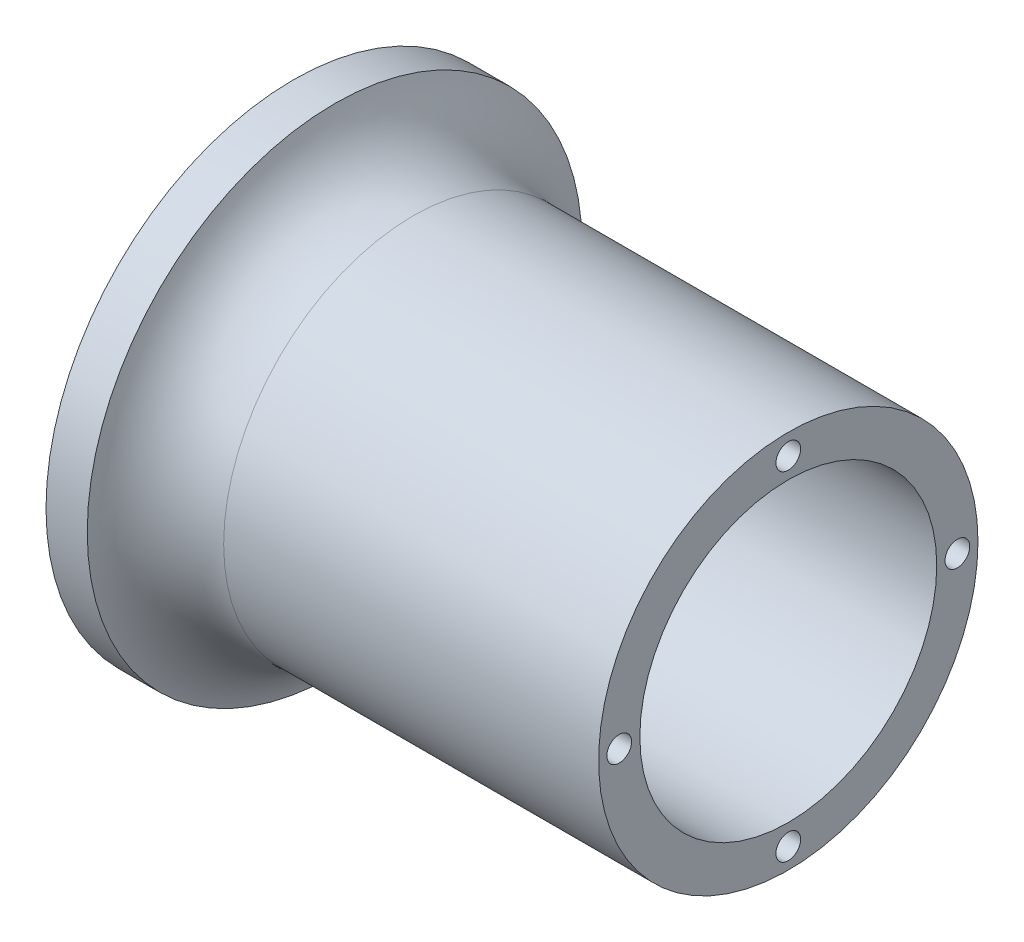
ISO-10303-21;
HEADER;
FILE_DESCRIPTION(('STEP AP214'),'2;1');
FILE_NAME('part.step','',(''),(''),'','','');
FILE_SCHEMA(('AUTOMOTIVE_DESIGN { 1 0 10303 214 1 1 1 1 }'));
ENDSEC;
DATA;
#1=APPLICATION_CONTEXT('core data for automotive mechanical design processes');
#2=APPLICATION_PROTOCOL_DEFINITION('international standard','automotive_design',2000,#1);
#3=PRODUCT_CONTEXT('',#1,'mechanical');
#4=PRODUCT('Part','Part','',(#3));
#5=PRODUCT_RELATED_PRODUCT_CATEGORY('part','',(#4));
#6=PRODUCT_DEFINITION_FORMATION('','',#4);
#7=PRODUCT_DEFINITION_CONTEXT('part definition',#1,'design');
#8=PRODUCT_DEFINITION('design','',#6,#7);
#9=PRODUCT_DEFINITION_SHAPE('','',#8);
#10=(LENGTH_UNIT() NAMED_UNIT(*) SI_UNIT(.MILLI.,.METRE.));
#11=(NAMED_UNIT(*) PLANE_ANGLE_UNIT() SI_UNIT($,.RADIAN.));
#12=(NAMED_UNIT(*) SI_UNIT($,.STERADIAN.) SOLID_ANGLE_UNIT());
#13=UNCERTAINTY_MEASURE_WITH_UNIT(LENGTH_MEASURE(1.E-05),#10,'distance_accuracy_value','');
#14=(GEOMETRIC_REPRESENTATION_CONTEXT(3) GLOBAL_UNCERTAINTY_ASSIGNED_CONTEXT((#13)) GLOBAL_UNIT_ASSIGNED_CONTEXT((#10,
#11,#12)) REPRESENTATION_CONTEXT('',''));
#15=CARTESIAN_POINT('',(0.,0.,0.));
#16=DIRECTION('',(0.,0.,1.));
#17=DIRECTION('',(1.,0.,0.));
#18=AXIS2_PLACEMENT_3D('',#15,#16,#17);
#19=CARTESIAN_POINT('',(-11.,0.,0.));
#20=DIRECTION('',(1.,0.,0.));
#21=DIRECTION('',(0.,0.,-1.));
#22=AXIS2_PLACEMENT_3D('',#19,#20,#21);
#23=CYLINDRICAL_SURFACE('',#22,23.);
#24=CARTESIAN_POINT('',(14.5393920141695,0.,0.));
#25=DIRECTION('',(-1.,0.,0.));
#26=DIRECTION('',(0.,0.,1.));
#27=AXIS2_PLACEMENT_3D('',#24,#25,#26);
#28=CIRCLE('',#27,23.);
#29=CARTESIAN_POINT('',(14.5393920141695,0.,23.));
#30=VERTEX_POINT('',#29);
#31=EDGE_CURVE('E11',#30,#30,#28,.F.);
#32=ORIENTED_EDGE('',*,*,#31,.T.);
#33=EDGE_LOOP('',(#32));
#34=FACE_BOUND('',#33,.T.);
#35=CARTESIAN_POINT('',(60.,0.,0.));
#36=DIRECTION('',(1.,0.,0.));
#37=DIRECTION('',(0.,0.,-1.));
#38=AXIS2_PLACEMENT_3D('',#35,#36,#37);
#39=CIRCLE('',#38,23.);
#40=CARTESIAN_POINT('',(60.,0.,-23.));
#41=VERTEX_POINT('',#40);
#42=EDGE_CURVE('E131',#41,#41,#39,.T.);
#43=ORIENTED_EDGE('',*,*,#42,.F.);
#44=EDGE_LOOP('',(#43));
#45=FACE_BOUND('',#44,.T.);
#46=ADVANCED_FACE('F91',(#34,#45),#23,.T.);
#47=CARTESIAN_POINT('',(3.,0.,-8.5));
#48=DIRECTION('',(-1.,0.,0.));
#49=DIRECTION('',(0.,0.,1.));
#50=AXIS2_PLACEMENT_3D('',#47,#48,#49);
#51=CYLINDRICAL_SURFACE('',#50,3.);
#52=CARTESIAN_POINT('',(0.,0.,-8.5));
#53=DIRECTION('',(1.,0.,0.));
#54=DIRECTION('',(0.,0.,-1.));
#55=AXIS2_PLACEMENT_3D('',#52,#53,#54);
#56=CIRCLE('',#55,3.);
#57=CARTESIAN_POINT('',(0.,0.,-11.5));
#58=VERTEX_POINT('',#57);
#59=EDGE_CURVE('E119',#58,#58,#56,.T.);
#60=ORIENTED_EDGE('',*,*,#59,.F.);
#61=EDGE_LOOP('',(#60));
#62=FACE_BOUND('',#61,.T.);
#63=CARTESIAN_POINT('',(3.,0.,-8.5));
#64=DIRECTION('',(1.,0.,0.));
#65=DIRECTION('',(0.,0.,-1.));
#66=AXIS2_PLACEMENT_3D('',#63,#64,#65);
#67=CIRCLE('',#66,3.);
#68=CARTESIAN_POINT('',(3.,0.,-11.5));
#69=VERTEX_POINT('',#68);
#70=EDGE_CURVE('E188',#69,#69,#67,.T.);
#71=ORIENTED_EDGE('',*,*,#70,.T.);
#72=EDGE_LOOP('',(#71));
#73=FACE_BOUND('',#72,.T.);
#74=ADVANCED_FACE('F239',(#62,#73),#51,.F.);
#75=CARTESIAN_POINT('',(3.,-8.5,0.));
#76=DIRECTION('',(-1.,0.,0.));
#77=DIRECTION('',(0.,0.,1.));
#78=AXIS2_PLACEMENT_3D('',#75,#76,#77);
#79=CYLINDRICAL_SURFACE('',#78,3.);
#80=CARTESIAN_POINT('',(0.,-8.5,0.));
#81=DIRECTION('',(1.,0.,0.));
#82=DIRECTION('',(0.,0.,-1.));
#83=AXIS2_PLACEMENT_3D('',#80,#81,#82);
#84=CIRCLE('',#83,3.);
#85=CARTESIAN_POINT('',(0.,-8.5,-2.99999999999994));
#86=VERTEX_POINT('',#85);
#87=EDGE_CURVE('E109',#86,#86,#84,.T.);
#88=ORIENTED_EDGE('',*,*,#87,.F.);
#89=EDGE_LOOP('',(#88));
#90=FACE_BOUND('',#89,.T.);
#91=CARTESIAN_POINT('',(3.,-8.5,0.));
#92=DIRECTION('',(1.,0.,0.));
#93=DIRECTION('',(0.,0.,-1.));
#94=AXIS2_PLACEMENT_3D('',#91,#92,#93);
#95=CIRCLE('',#94,3.);
#96=CARTESIAN_POINT('',(3.,-8.5,-2.99999999999994));
#97=VERTEX_POINT('',#96);
#98=EDGE_CURVE('E176',#97,#97,#95,.T.);
#99=ORIENTED_EDGE('',*,*,#98,.T.);
#100=EDGE_LOOP('',(#99));
#101=FACE_BOUND('',#100,.T.);
#102=ADVANCED_FACE('F243',(#90,#101),#79,.F.);
#103=CARTESIAN_POINT('',(3.,0.,8.5));
#104=DIRECTION('',(-1.,0.,0.));
#105=DIRECTION('',(0.,0.,1.));
#106=AXIS2_PLACEMENT_3D('',#103,#104,#105);
#107=CYLINDRICAL_SURFACE('',#106,3.);
#108=CARTESIAN_POINT('',(0.,0.,8.5));
#109=DIRECTION('',(1.,0.,0.));
#110=DIRECTION('',(0.,0.,-1.));
#111=AXIS2_PLACEMENT_3D('',#108,#109,#110);
#112=CIRCLE('',#111,3.);
#113=CARTESIAN_POINT('',(0.,0.,5.5));
#114=VERTEX_POINT('',#113);
#115=EDGE_CURVE('E123',#114,#114,#112,.T.);
#116=ORIENTED_EDGE('',*,*,#115,.F.);
#117=EDGE_LOOP('',(#116));
#118=FACE_BOUND('',#117,.T.);
#119=CARTESIAN_POINT('',(3.,0.,8.5));
#120=DIRECTION('',(1.,0.,0.));
#121=DIRECTION('',(0.,0.,-1.));
#122=AXIS2_PLACEMENT_3D('',#119,#120,#121);
#123=CIRCLE('',#122,3.);
#124=CARTESIAN_POINT('',(3.,0.,5.5));
#125=VERTEX_POINT('',#124);
#126=EDGE_CURVE('E164',#125,#125,#123,.T.);
#127=ORIENTED_EDGE('',*,*,#126,.T.);
#128=EDGE_LOOP('',(#127));
#129=FACE_BOUND('',#128,.T.);
#130=ADVANCED_FACE('F248',(#118,#129),#107,.F.);
#131=CARTESIAN_POINT('',(3.,8.5,0.));
#132=DIRECTION('',(-1.,0.,0.));
#133=DIRECTION('',(0.,0.,1.));
#134=AXIS2_PLACEMENT_3D('',#131,#132,#133);
#135=CYLINDRICAL_SURFACE('',#134,3.);
#136=CARTESIAN_POINT('',(0.,8.5,0.));
#137=DIRECTION('',(1.,0.,0.));
#138=DIRECTION('',(0.,0.,-1.));
#139=AXIS2_PLACEMENT_3D('',#136,#137,#138);
#140=CIRCLE('',#139,3.);
#141=CARTESIAN_POINT('',(0.,8.5,-3.));
#142=VERTEX_POINT('',#141);
#143=EDGE_CURVE('E104',#142,#142,#140,.T.);
#144=ORIENTED_EDGE('',*,*,#143,.F.);
#145=EDGE_LOOP('',(#144));
#146=FACE_BOUND('',#145,.T.);
#147=CARTESIAN_POINT('',(3.,8.5,0.));
#148=DIRECTION('',(1.,0.,0.));
#149=DIRECTION('',(0.,0.,-1.));
#150=AXIS2_PLACEMENT_3D('',#147,#148,#149);
#151=CIRCLE('',#150,3.);
#152=CARTESIAN_POINT('',(3.,8.5,-3.));
#153=VERTEX_POINT('',#152);
#154=EDGE_CURVE('E145',#153,#153,#151,.T.);
#155=ORIENTED_EDGE('',*,*,#154,.T.);
#156=EDGE_LOOP('',(#155));
#157=FACE_BOUND('',#156,.T.);
#158=ADVANCED_FACE('F250',(#146,#157),#135,.F.);
#159=CARTESIAN_POINT('',(0.,0.,0.));
#160=DIRECTION('',(1.,0.,0.));
#161=DIRECTION('',(0.,0.,-1.));
#162=AXIS2_PLACEMENT_3D('',#159,#160,#161);
#163=PLANE('',#162);
#164=ORIENTED_EDGE('',*,*,#143,.T.);
#165=EDGE_LOOP('',(#164));
#166=FACE_BOUND('',#165,.T.);
#167=ORIENTED_EDGE('',*,*,#87,.T.);
#168=EDGE_LOOP('',(#167));
#169=FACE_BOUND('',#168,.T.);
#170=CARTESIAN_POINT('',(0.,0.,0.));
#171=DIRECTION('',(1.,0.,0.));
#172=DIRECTION('',(0.,0.,-1.));
#173=AXIS2_PLACEMENT_3D('',#170,#171,#172);
#174=CIRCLE('',#173,5.25);
#175=CARTESIAN_POINT('',(0.,0.,-5.25));
#176=VERTEX_POINT('',#175);
#177=EDGE_CURVE('E115',#176,#176,#174,.T.);
#178=ORIENTED_EDGE('',*,*,#177,.T.);
#179=EDGE_LOOP('',(#178));
#180=FACE_BOUND('',#179,.T.);
#181=ORIENTED_EDGE('',*,*,#59,.T.);
#182=EDGE_LOOP('',(#181));
#183=FACE_BOUND('',#182,.T.);
#184=ORIENTED_EDGE('',*,*,#115,.T.);
#185=EDGE_LOOP('',(#184));
#186=FACE_BOUND('',#185,.T.);
#187=CARTESIAN_POINT('',(0.,0.,0.));
#188=DIRECTION('',(-1.,0.,0.));
#189=DIRECTION('',(0.,0.,1.));
#190=AXIS2_PLACEMENT_3D('',#187,#188,#189);
#191=CIRCLE('',#190,30.);
#192=CARTESIAN_POINT('',(0.,0.,30.));
#193=VERTEX_POINT('',#192);
#194=EDGE_CURVE('E220',#193,#193,#191,.T.);
#195=ORIENTED_EDGE('',*,*,#194,.T.);
#196=EDGE_LOOP('',(#195));
#197=FACE_BOUND('',#196,.T.);
#198=ADVANCED_FACE('F257',(#166,#169,#180,#183,#186,#197),#163,.F.);
#199=CARTESIAN_POINT('',(3.,0.,0.));
#200=DIRECTION('',(-1.,0.,0.));
#201=DIRECTION('',(0.,0.,1.));
#202=AXIS2_PLACEMENT_3D('',#199,#200,#201);
#203=CYLINDRICAL_SURFACE('',#202,5.25);
#204=ORIENTED_EDGE('',*,*,#177,.F.);
#205=EDGE_LOOP('',(#204));
#206=FACE_BOUND('',#205,.T.);
#207=CARTESIAN_POINT('',(6.,0.,0.));
#208=DIRECTION('',(1.,0.,0.));
#209=DIRECTION('',(0.,0.,-1.));
#210=AXIS2_PLACEMENT_3D('',#207,#208,#209);
#211=CIRCLE('',#210,5.25);
#212=CARTESIAN_POINT('',(6.,0.,-5.25));
#213=VERTEX_POINT('',#212);
#214=EDGE_CURVE('E127',#213,#213,#211,.T.);
#215=ORIENTED_EDGE('',*,*,#214,.T.);
#216=EDGE_LOOP('',(#215));
#217=FACE_BOUND('',#216,.T.);
#218=ADVANCED_FACE('F253',(#206,#217),#203,.F.);
#219=CARTESIAN_POINT('',(6.,0.,0.));
#220=DIRECTION('',(1.,0.,0.));
#221=DIRECTION('',(0.,0.,-1.));
#222=AXIS2_PLACEMENT_3D('',#219,#220,#221);
#223=PLANE('',#222);
#224=CARTESIAN_POINT('',(6.,0.,0.));
#225=DIRECTION('',(1.,0.,0.));
#226=DIRECTION('',(0.,0.,-1.));
#227=AXIS2_PLACEMENT_3D('',#224,#225,#226);
#228=CIRCLE('',#227,18.);
#229=CARTESIAN_POINT('',(6.,0.,-18.));
#230=VERTEX_POINT('',#229);
#231=EDGE_CURVE('E99',#230,#230,#228,.F.);
#232=ORIENTED_EDGE('',*,*,#231,.F.);
#233=EDGE_LOOP('',(#232));
#234=FACE_BOUND('',#233,.T.);
#235=ORIENTED_EDGE('',*,*,#214,.F.);
#236=EDGE_LOOP('',(#235));
#237=FACE_BOUND('',#236,.T.);
#238=CARTESIAN_POINT('',(6.,8.5,0.));
#239=DIRECTION('',(1.,0.,0.));
#240=DIRECTION('',(0.,0.,-1.));
#241=AXIS2_PLACEMENT_3D('',#238,#239,#240);
#242=CIRCLE('',#241,1.5);
#243=CARTESIAN_POINT('',(6.,8.5,-1.5));
#244=VERTEX_POINT('',#243);
#245=EDGE_CURVE('E160',#244,#244,#242,.T.);
#246=ORIENTED_EDGE('',*,*,#245,.F.);
#247=EDGE_LOOP('',(#246));
#248=FACE_BOUND('',#247,.T.);
#249=CARTESIAN_POINT('',(6.,0.,8.5));
#250=DIRECTION('',(1.,0.,0.));
#251=DIRECTION('',(0.,0.,-1.));
#252=AXIS2_PLACEMENT_3D('',#249,#250,#251);
#253=CIRCLE('',#252,1.5);
#254=CARTESIAN_POINT('',(6.,0.,7.));
#255=VERTEX_POINT('',#254);
#256=EDGE_CURVE('E172',#255,#255,#253,.T.);
#257=ORIENTED_EDGE('',*,*,#256,.F.);
#258=EDGE_LOOP('',(#257));
#259=FACE_BOUND('',#258,.T.);
#260=CARTESIAN_POINT('',(6.,-8.5,0.));
#261=DIRECTION('',(1.,0.,0.));
#262=DIRECTION('',(0.,0.,-1.));
#263=AXIS2_PLACEMENT_3D('',#260,#261,#262);
#264=CIRCLE('',#263,1.5);
#265=CARTESIAN_POINT('',(6.,-8.5,-1.49999999999994));
#266=VERTEX_POINT('',#265);
#267=EDGE_CURVE('E184',#266,#266,#264,.T.);
#268=ORIENTED_EDGE('',*,*,#267,.F.);
#269=EDGE_LOOP('',(#268));
#270=FACE_BOUND('',#269,.T.);
#271=CARTESIAN_POINT('',(6.,0.,-8.5));
#272=DIRECTION('',(1.,0.,0.));
#273=DIRECTION('',(0.,0.,-1.));
#274=AXIS2_PLACEMENT_3D('',#271,#272,#273);
#275=CIRCLE('',#274,1.5);
#276=CARTESIAN_POINT('',(6.,0.,-10.));
#277=VERTEX_POINT('',#276);
#278=EDGE_CURVE('E196',#277,#277,#275,.T.);
#279=ORIENTED_EDGE('',*,*,#278,.F.);
#280=EDGE_LOOP('',(#279));
#281=FACE_BOUND('',#280,.T.);
#282=ADVANCED_FACE('F256',(#234,#237,#248,#259,#270,#281),#223,.T.);
#283=CARTESIAN_POINT('',(60.,0.,0.));
#284=DIRECTION('',(-1.,0.,0.));
#285=DIRECTION('',(0.,0.,1.));
#286=AXIS2_PLACEMENT_3D('',#283,#284,#285);
#287=CYLINDRICAL_SURFACE('',#286,18.);
#288=ORIENTED_EDGE('',*,*,#231,.T.);
#289=EDGE_LOOP('',(#288));
#290=FACE_BOUND('',#289,.T.);
#291=CARTESIAN_POINT('',(60.,0.,0.));
#292=DIRECTION('',(1.,0.,0.));
#293=DIRECTION('',(0.,0.,-1.));
#294=AXIS2_PLACEMENT_3D('',#291,#292,#293);
#295=CIRCLE('',#294,18.);
#296=CARTESIAN_POINT('',(60.,0.,-18.));
#297=VERTEX_POINT('',#296);
#298=EDGE_CURVE('E135',#297,#297,#295,.T.);
#299=ORIENTED_EDGE('',*,*,#298,.T.);
#300=EDGE_LOOP('',(#299));
#301=FACE_BOUND('',#300,.T.);
#302=ADVANCED_FACE('F270',(#290,#301),#287,.F.);
#303=CARTESIAN_POINT('',(60.,0.,0.));
#304=DIRECTION('',(1.,0.,0.));
#305=DIRECTION('',(0.,0.,-1.));
#306=AXIS2_PLACEMENT_3D('',#303,#304,#305);
#307=PLANE('',#306);
#308=CARTESIAN_POINT('',(60.,20.5,0.));
#309=DIRECTION('',(1.,0.,0.));
#310=DIRECTION('',(0.,0.,-1.));
#311=AXIS2_PLACEMENT_3D('',#308,#309,#310);
#312=CIRCLE('',#311,1.5);
#313=CARTESIAN_POINT('',(60.,20.5,-1.5));
#314=VERTEX_POINT('',#313);
#315=EDGE_CURVE('E139',#314,#314,#312,.T.);
#316=ORIENTED_EDGE('',*,*,#315,.F.);
#317=EDGE_LOOP('',(#316));
#318=FACE_BOUND('',#317,.T.);
#319=CARTESIAN_POINT('',(60.,5.78573092716117E-13,-20.5000000000006));
#320=DIRECTION('',(1.,0.,0.));
#321=DIRECTION('',(0.,0.,-1.));
#322=AXIS2_PLACEMENT_3D('',#319,#320,#321);
#323=CIRCLE('',#322,1.50000000000045);
#324=CARTESIAN_POINT('',(60.,5.78573092716117E-13,-22.000000000001));
#325=VERTEX_POINT('',#324);
#326=EDGE_CURVE('E149',#325,#325,#323,.T.);
#327=ORIENTED_EDGE('',*,*,#326,.F.);
#328=EDGE_LOOP('',(#327));
#329=FACE_BOUND('',#328,.T.);
#330=CARTESIAN_POINT('',(60.,-20.5,-1.15745234713202E-12));
#331=DIRECTION('',(1.,0.,0.));
#332=DIRECTION('',(0.,0.,-1.));
#333=AXIS2_PLACEMENT_3D('',#330,#331,#332);
#334=CIRCLE('',#333,1.50000000000124);
#335=CARTESIAN_POINT('',(60.,-20.5,-1.5000000000024));
#336=VERTEX_POINT('',#335);
#337=EDGE_CURVE('E144',#336,#336,#334,.T.);
#338=ORIENTED_EDGE('',*,*,#337,.F.);
#339=EDGE_LOOP('',(#338));
#340=FACE_BOUND('',#339,.T.);
#341=CARTESIAN_POINT('',(60.,-5.81083618654369E-13,20.4999999999994));
#342=DIRECTION('',(1.,0.,0.));
#343=DIRECTION('',(0.,0.,-1.));
#344=AXIS2_PLACEMENT_3D('',#341,#342,#343);
#345=CIRCLE('',#344,1.50000000000093);
#346=CARTESIAN_POINT('',(60.,-5.81083618654369E-13,18.9999999999985));
#347=VERTEX_POINT('',#346);
#348=EDGE_CURVE('E140',#347,#347,#345,.T.);
#349=ORIENTED_EDGE('',*,*,#348,.F.);
#350=EDGE_LOOP('',(#349));
#351=FACE_BOUND('',#350,.T.);
#352=ORIENTED_EDGE('',*,*,#298,.F.);
#353=EDGE_LOOP('',(#352));
#354=FACE_BOUND('',#353,.T.);
#355=ORIENTED_EDGE('',*,*,#42,.T.);
#356=EDGE_LOOP('',(#355));
#357=FACE_BOUND('',#356,.T.);
#358=ADVANCED_FACE('F274',(#318,#329,#340,#351,#354,#357),#307,.T.);
#359=CARTESIAN_POINT('',(55.,-5.81083618654369E-13,20.4999999999994));
#360=DIRECTION('',(1.,0.,0.));
#361=DIRECTION('',(0.,0.,-1.));
#362=AXIS2_PLACEMENT_3D('',#359,#360,#361);
#363=CYLINDRICAL_SURFACE('',#362,1.50000000000093);
#364=ORIENTED_EDGE('',*,*,#348,.T.);
#365=EDGE_LOOP('',(#364));
#366=FACE_BOUND('',#365,.T.);
#367=CARTESIAN_POINT('',(51.,-5.81083618654369E-13,20.4999999999994));
#368=DIRECTION('',(1.,0.,0.));
#369=DIRECTION('',(0.,0.,-1.));
#370=AXIS2_PLACEMENT_3D('',#367,#368,#369);
#371=CIRCLE('',#370,1.50000000000093);
#372=CARTESIAN_POINT('',(51.,-5.81083618654369E-13,18.9999999999985));
#373=VERTEX_POINT('',#372);
#374=EDGE_CURVE('E204',#373,#373,#371,.T.);
#375=ORIENTED_EDGE('',*,*,#374,.F.);
#376=EDGE_LOOP('',(#375));
#377=FACE_BOUND('',#376,.T.);
#378=ADVANCED_FACE('F277',(#366,#377),#363,.F.);
#379=CARTESIAN_POINT('',(55.,-20.5,-1.15745234713202E-12));
#380=DIRECTION('',(1.,0.,0.));
#381=DIRECTION('',(0.,0.,-1.));
#382=AXIS2_PLACEMENT_3D('',#379,#380,#381);
#383=CYLINDRICAL_SURFACE('',#382,1.50000000000124);
#384=ORIENTED_EDGE('',*,*,#337,.T.);
#385=EDGE_LOOP('',(#384));
#386=FACE_BOUND('',#385,.T.);
#387=CARTESIAN_POINT('',(51.,-20.5,-1.15745234713202E-12));
#388=DIRECTION('',(1.,0.,0.));
#389=DIRECTION('',(0.,0.,-1.));
#390=AXIS2_PLACEMENT_3D('',#387,#388,#389);
#391=CIRCLE('',#390,1.50000000000124);
#392=CARTESIAN_POINT('',(51.,-20.5,-1.5000000000024));
#393=VERTEX_POINT('',#392);
#394=EDGE_CURVE('E208',#393,#393,#391,.T.);
#395=ORIENTED_EDGE('',*,*,#394,.F.);
#396=EDGE_LOOP('',(#395));
#397=FACE_BOUND('',#396,.T.);
#398=ADVANCED_FACE('F281',(#386,#397),#383,.F.);
#399=CARTESIAN_POINT('',(55.,5.78573092716117E-13,-20.5000000000006));
#400=DIRECTION('',(1.,0.,0.));
#401=DIRECTION('',(0.,0.,-1.));
#402=AXIS2_PLACEMENT_3D('',#399,#400,#401);
#403=CYLINDRICAL_SURFACE('',#402,1.50000000000045);
#404=ORIENTED_EDGE('',*,*,#326,.T.);
#405=EDGE_LOOP('',(#404));
#406=FACE_BOUND('',#405,.T.);
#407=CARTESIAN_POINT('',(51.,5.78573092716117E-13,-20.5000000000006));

What to produce -
All lines from the start of the entries above through the line containing "#31=EDGE_CURVE('E11',#30,#30,#28,.F.);" are to be given again exactly; the pictures are not.

Reply to the exercise -
ISO-10303-21;
HEADER;
FILE_DESCRIPTION(('STEP AP214'),'2;1');
FILE_NAME('part.step','',(''),(''),'','','');
FILE_SCHEMA(('AUTOMOTIVE_DESIGN { 1 0 10303 214 1 1 1 1 }'));
ENDSEC;
DATA;
#1=APPLICATION_CONTEXT('core data for automotive mechanical design processes');
#2=APPLICATION_PROTOCOL_DEFINITION('international standard','automotive_design',2000,#1);
#3=PRODUCT_CONTEXT('',#1,'mechanical');
#4=PRODUCT('Part','Part','',(#3));
#5=PRODUCT_RELATED_PRODUCT_CATEGORY('part','',(#4));
#6=PRODUCT_DEFINITION_FORMATION('','',#4);
#7=PRODUCT_DEFINITION_CONTEXT('part definition',#1,'design');
#8=PRODUCT_DEFINITION('design','',#6,#7);
#9=PRODUCT_DEFINITION_SHAPE('','',#8);
#10=(LENGTH_UNIT() NAMED_UNIT(*) SI_UNIT(.MILLI.,.METRE.));
#11=(NAMED_UNIT(*) PLANE_ANGLE_UNIT() SI_UNIT($,.RADIAN.));
#12=(NAMED_UNIT(*) SI_UNIT($,.STERADIAN.) SOLID_ANGLE_UNIT());
#13=UNCERTAINTY_MEASURE_WITH_UNIT(LENGTH_MEASURE(1.E-05),#10,'distance_accuracy_value','');
#14=(GEOMETRIC_REPRESENTATION_CONTEXT(3) GLOBAL_UNCERTAINTY_ASSIGNED_CONTEXT((#13)) GLOBAL_UNIT_ASSIGNED_CONTEXT((#10,
#11,#12)) REPRESENTATION_CONTEXT('',''));
#15=CARTESIAN_POINT('',(0.,0.,0.));
#16=DIRECTION('',(0.,0.,1.));
#17=DIRECTION('',(1.,0.,0.));
#18=AXIS2_PLACEMENT_3D('',#15,#16,#17);
#19=CARTESIAN_POINT('',(-11.,0.,0.));
#20=DIRECTION('',(1.,0.,0.));
#21=DIRECTION('',(0.,0.,-1.));
#22=AXIS2_PLACEMENT_3D('',#19,#20,#21);
#23=CYLINDRICAL_SURFACE('',#22,23.);
#24=CARTESIAN_POINT('',(14.5393920141695,0.,0.));
#25=DIRECTION('',(-1.,0.,0.));
#26=DIRECTION('',(0.,0.,1.));
#27=AXIS2_PLACEMENT_3D('',#24,#25,#26);
#28=CIRCLE('',#27,23.);
#29=CARTESIAN_POINT('',(14.5393920141695,0.,23.));
#30=VERTEX_POINT('',#29);
#31=EDGE_CURVE('E11',#30,#30,#28,.F.);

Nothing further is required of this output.